Opened 18 years ago
Last modified 17 years ago
#574 closed enhancement
Handle database differences with case sensitivity — at Initial Version
Reported by: | Nicklas Nordborg | Owned by: | Nicklas Nordborg |
---|---|---|---|
Priority: | major | Milestone: | BASE 2.4 |
Component: | core | Version: | |
Keywords: | Cc: |
Description
From the maling list by Bob MacCallum:
- case sensitivity in the reporter ID (external id) column
I get "Error: Duplicate entry 'demoBLANK' for key 2" if I import reporters from this file:
> ATF 1.0 > 27 43 Type=GenePix Results 1.4 > "Block" "Column" "Row" "Name" "ID" "X" "Y" "Dia." "F635 Median" "F635 Mean" "F635 SD" "B635 Median" "B635 Mean" "B635 SD" "% > B635+1SD" "% > B635+2SD" "F635 % Sat." "F532 Median" "F532 Mean" "F532 SD" "B532 Median" "B532 Mean" "B532 SD" "% > B532+1SD" "% > B532+2SD" "F532 % Sat." "Ratio of Medians" "Ratio of Means" "Median of Ratios" "Mean of Ratios" "Ratios SD" "Rgn Ratio" "Rgn R²" "F Pixels" "B Pixels" "Sum of Medians" "Sum of Means" "Log Ratio" "F635 Median - B635" "F532 Median - B532" "F635 Mean - B635" "F532 Mean - B532" "Flags" > 1 1 1 "demoA" "demorep1" 1690 5730 110 183 181 42 59 62 25 100 98 0 276 270 48 64 65 13 100 100 0 0.585 0.592 0.570 0.576 1.357 0.591 0.782 80 621 336 328 -0.774 124 212 122 206 0 > 1 2 1 "demoB" "demorep2" 1910 5730 120 114 137 175 57 61 37 71 21 0 346 341 80 63 65 35 96 95 0 0.201 0.288 0.192 0.209 2.379 0.398 0.094 120 716 340 358 -2.312 57 283 80 278 0 > 1 3 1 "demoblank" "demoblank" 2110 5740 110 145 148 43 63 68 30 92 68 0 208 214 48 69 74 43 98 93 0 0.590 0.586 0.599 0.541 1.987 0.504 0.582 80 566 221 230 -0.761 82 139 85 145 0 > 1 4 1 "demoBLANK" "demoBLANK" 2300 5730 110 185 187 51 59 63 23 100 96 0 298 294 57 64 67 24 100 98 0 0.538 0.557 0.526 0.538 1.599 0.549 0.730 80 590 360 358 -0.893 126 234 128 230 0
However in BASE1 it was possible to import files with problems like this. For example, see
​http://base.vectorbase.org/raw_edit.phtml?i_r=102 (just click ok to log in)

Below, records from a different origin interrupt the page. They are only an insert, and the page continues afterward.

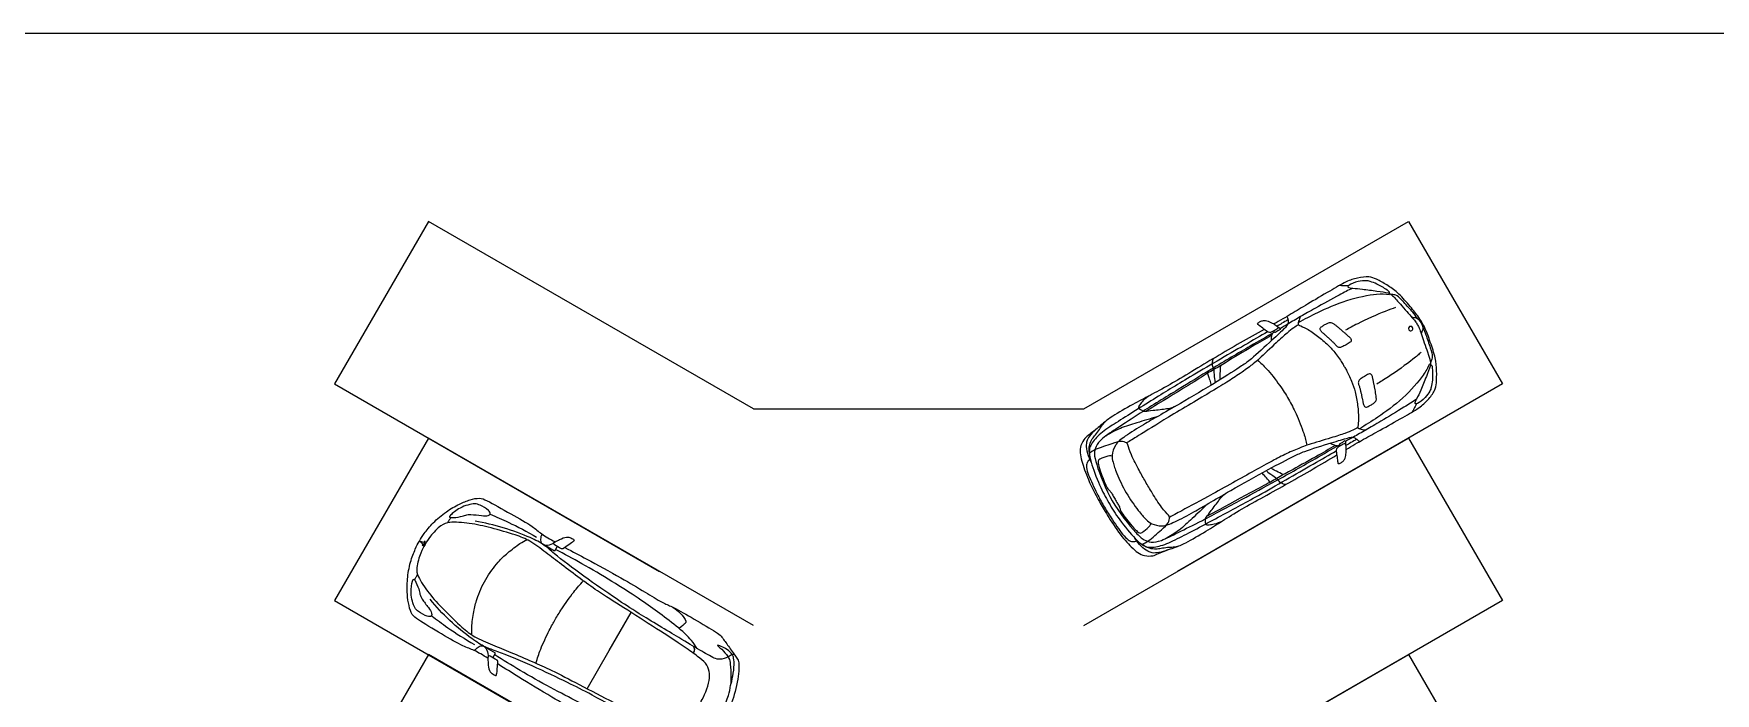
# Model space of a CAD drawing. Header units: millimetres. Extents: x 0 to 183, y -1 to 139.
# Drawn here: x 22.59 to 45, y 106.91 to 115.71 of the extents above; entities that cross this region are included whole.
import ezdxf

# ---------------------------------------------------------------- set-up
doc = ezdxf.new("R2010")
doc.units = ezdxf.units.MM
for name, color, linetype, true_color in [('AG-DIAGRAM', 7, 'Continuous', 0xfecc66), ('AG-LAYOUT', 7, 'Continuous', 0x66ccff), ('AG-TRANSPORT', 7, 'Continuous', 0x66ffff), ('X-VPRT', 6, 'Continuous', 0xff00ff)]:
    doc.layers.add(name, color=color, linetype=linetype, true_color=true_color)

msp = doc.modelspace()

# ---------------------------------------------------------------- linework, layer by layer
at = {"layer": 'AG-DIAGRAM'}
msp.add_lwpolyline([(32.183, 110.702), (36.583, 110.702)], dxfattribs=at)
at = {"layer": 'AG-LAYOUT'}
for points in [[(32.183, 110.702), (27.853, 113.202), (26.603, 111.037), (30.933, 108.537)], [(36.583, 110.702), (40.913, 113.202), (42.163, 111.037), (37.833, 108.537)], [(32.183, 107.815), (27.853, 110.315), (26.603, 108.15), (30.933, 105.65)], [(36.583, 107.815), (40.913, 110.315), (42.163, 108.15), (37.833, 105.65)], [(32.183, 104.928), (27.853, 107.428), (26.603, 105.263), (30.933, 102.763)], [(36.583, 104.928), (40.913, 107.428), (42.163, 105.263), (37.833, 102.763)]]:
    msp.add_lwpolyline(points, dxfattribs=at)
at = {"layer": 'AG-TRANSPORT'}
for points in [[(27.792, 108.923), (27.743, 108.935)], [(27.743, 108.935), (27.778, 108.899)], [(29.569, 108.871), (29.533, 108.809), (29.346, 108.917)], [(29.967, 106.974), (30.26, 107.482), (30.553, 107.989)], [(28.711, 107.385), (28.747, 107.447), (28.56, 107.555)]]:
    msp.add_lwpolyline(points, dxfattribs=at)
for start, end in [(30, 210), (210, 30)]:
    msp.add_arc((40.94, 111.774), 0.0294, start, end, dxfattribs=at)
for points, knots in [([(41.088, 111.859), (41.072, 111.888), (41.037, 111.946), (40.914, 112.093), (40.77, 112.257), (40.629, 112.356), (40.487, 112.434), (40.385, 112.473), (40.226, 112.45), (40.073, 112.402), (39.861, 112.271), (39.564, 112.1), (39.353, 111.97), (39.195, 111.879), (39.117, 111.835)], [0, 0, 0, 0, 0.31317, 0.749157, 1.220198, 1.637784, 2.035792, 2.361968, 2.751553, 3.151136, 3.650507, 4.238154, 4.740912, 5.258968, 5.258968, 5.258968, 5.258968]), ([(40.166, 112.312), (40.105, 112.282), (39.988, 112.223), (39.669, 112.047), (39.482, 111.939), (39.308, 111.837), (39.239, 111.795), (39.204, 111.774)], [0, 0, 0, 0, 0.449799, 1.047318, 1.526688, 1.965432, 2.310143, 2.310143, 2.310143, 2.310143]), ([(40.112, 112.343), (40.086, 112.343), (40.035, 112.345), (40.004, 112.347), (39.988, 112.348)], [0, 0, 0, 0, 0.2780271, 0.4945497, 0.4945497, 0.4945497, 0.4945497]), ([(40.634, 112.249), (40.64, 112.249), (40.651, 112.25), (40.657, 112.254), (40.656, 112.266), (40.623, 112.29), (40.557, 112.333), (40.493, 112.369), (40.399, 112.403), (40.346, 112.416), (40.221, 112.405), (40.135, 112.363), (40.105, 112.337), (40.103, 112.319), (40.148, 112.313), (40.166, 112.312)], [0.076448, 0.076448, 0.076448, 0.076448, 0.169912, 0.254035, 0.345026, 0.545478, 0.82381, 1.102629, 1.409875, 1.656542, 1.998436, 2.479135, 2.615945, 2.7207, 2.959773, 2.959773, 2.959773, 2.959773]), ([(40.166, 112.312), (40.21, 112.308), (40.299, 112.3), (40.485, 112.276), (40.635, 112.253), (40.683, 112.232), (40.786, 112.12), (40.94, 111.941), (41.001, 111.875), (41.022, 111.841), (41.03, 111.826)], [2.959773, 2.959773, 2.959773, 2.959773, 3.324551, 3.765566, 4.148461, 4.366517, 4.750607, 5.246898, 5.544986, 5.775267, 5.775267, 5.775267, 5.775267]), ([(40.658, 112.225), (40.601, 112.23), (40.48, 112.24), (40.074, 112.156), (39.703, 111.99), (39.526, 111.898), (39.441, 111.849)], [0, 0, 0, 0, 0.416445, 1.054475, 1.700668, 2.241822, 2.241822, 2.241822, 2.241822]), ([(40.737, 112.053), (40.692, 112.038), (40.604, 112.01), (40.225, 111.837), (40.126, 111.782), (40.072, 111.752)], [0, 0, 0, 0, 0.381624, 1.014307, 1.445423, 1.445423, 1.445423, 1.445423]), ([(41.031, 111.908), (41.009, 111.94), (40.971, 111.992), (40.849, 112.125), (40.768, 112.217), (40.705, 112.226), (40.686, 112.229), (40.677, 112.23)], [0, 0, 0, 0, 0.311916, 0.739006, 1.089342, 1.326387, 1.493705, 1.493705, 1.493705, 1.493705]), ([(39.291, 111.935), (39.296, 111.924), (39.304, 111.903), (39.308, 111.859), (39.302, 111.823), (39.251, 111.766), (39.089, 111.616), (38.817, 111.366), (38.687, 111.273), (38.35, 111.057), (37.884, 110.781), (37.582, 110.611), (37.383, 110.496), (37.137, 110.344), (36.995, 110.232), (36.954, 110.087), (36.972, 109.988), (37.024, 109.836), (37.102, 109.668), (37.151, 109.586)], [0, 0, 0, 0, 0.184261, 0.392413, 0.575799, 0.833104, 1.310419, 1.917921, 2.320885, 2.941993, 3.695454, 4.279483, 4.758598, 5.294378, 5.718211, 6.088209, 6.397173, 6.793689, 7.328757, 7.328757, 7.328757, 7.328757]), ([(39.446, 111.824), (39.424, 111.812), (39.38, 111.784), (39.286, 111.709), (39.148, 111.586), (38.926, 111.372), (38.847, 111.306), (38.689, 111.187), (38.506, 111.068), (38.276, 110.928), (37.713, 110.594), (37.331, 110.358), (37.196, 110.274), (37.155, 110.249)], [0, 0, 0, 0, 0.276688, 0.615201, 1.060592, 1.612504, 1.942861, 2.378103, 2.843005, 3.364562, 4.183329, 4.870194, 5.303436, 5.303436, 5.303436, 5.303436]), ([(39.16, 111.806), (39.167, 111.801), (39.177, 111.786), (39.168, 111.77), (39.112, 111.739), (39.091, 111.729), (39.057, 111.715), (39.024, 111.735), (38.97, 111.779), (38.914, 111.82), (38.895, 111.836), (38.909, 111.853), (38.945, 111.874), (38.991, 111.887), (39.059, 111.867), (39.118, 111.835), (39.131, 111.825), (39.195, 111.782), (39.205, 111.774), (39.203, 111.762)], [0.715062, 0.715062, 0.715062, 0.715062, 0.883101, 1.007976, 1.268906, 1.442012, 1.631477, 1.822469, 2.105561, 2.386023, 2.527924, 2.663049, 2.877487, 3.101801, 3.385128, 3.648654, 3.797956, 4.083934, 4.21726, 4.21726, 4.21726, 4.21726]), ([(39.304, 111.89), (39.279, 111.875), (39.232, 111.848), (39.182, 111.819), (39.16, 111.806)], [0.4540425, 0.4540425, 0.4540425, 0.4540425, 0.6006227, 0.7150624, 0.7150624, 0.7150624, 0.7150624]), ([(39.473, 111.934), (39.462, 111.914), (39.447, 111.872), (39.439, 111.845), (39.445, 111.822), (39.464, 111.816), (39.569, 111.768), (39.699, 111.678), (39.844, 111.556), (39.938, 111.448), (40.033, 111.31), (40.049, 111.279), (40.057, 111.264)], [0, 0, 0, 0, 0.259849, 0.429993, 0.579219, 0.69615, 1.021832, 1.434575, 1.865112, 2.256044, 2.655661, 2.882585, 2.882585, 2.882585, 2.882585]), ([(40.081, 110.164), (40.158, 110.21), (40.316, 110.302), (40.535, 110.419), (40.831, 110.59), (41.051, 110.709), (41.169, 110.818), (41.268, 110.944), (41.285, 111.051), (41.289, 111.214), (41.273, 111.385), (41.204, 111.591), (41.138, 111.772), (41.104, 111.831), (41.088, 111.859)], [-5.258968, -5.258968, -5.258968, -5.258968, -4.740912, -4.238154, -3.650507, -3.151136, -2.751553, -2.361968, -2.035792, -1.637784, -1.220198, -0.749157, -0.31317, 0, 0, 0, 0]), ([(40.952, 111.929), (40.961, 111.926), (40.979, 111.921), (41.01, 111.926), (41.047, 111.903), (41.076, 111.853)], [-0.7832849, -0.7832849, -0.7832849, -0.7832849, -0.6178044, -0.4443146, 0, 0, 0, 0]), ([(41.03, 111.826), (41.039, 111.811), (41.058, 111.776), (41.085, 111.69), (41.163, 111.467), (41.208, 111.322), (41.202, 111.27), (41.147, 111.129), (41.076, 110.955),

you can compare the imported .gpr file (scroll down to 2 17 20) with the table of data (position 857)
you see that "BLANK" was imported as "Blank" because "Blank" was already in the table.
This problem is affected how the database handles strings. MySQL is case-insensitive. Postgres on the other hand is case-sensitive and the same problem would never have appeared. The important question is if the "demoblank" and "demoBLANK" should be treated as the same reporters or not?
In Postgres they are already treated as different and it would be rather hard to change that. The only way is to convert all ID:s to the same case before storing them in the database.
In MySQL they are treated as the same and it is equally hard to change that. The problem appears here because the two reporters are in the same file. If there had been two different raw data files, both "demoblank" and "demoBLANK" would have mapped to the same reporter. The bug in our code is that when the lines are in the same file we do case-sensitive comparison to check what has already been inserted. I'll add a ticket for that as well.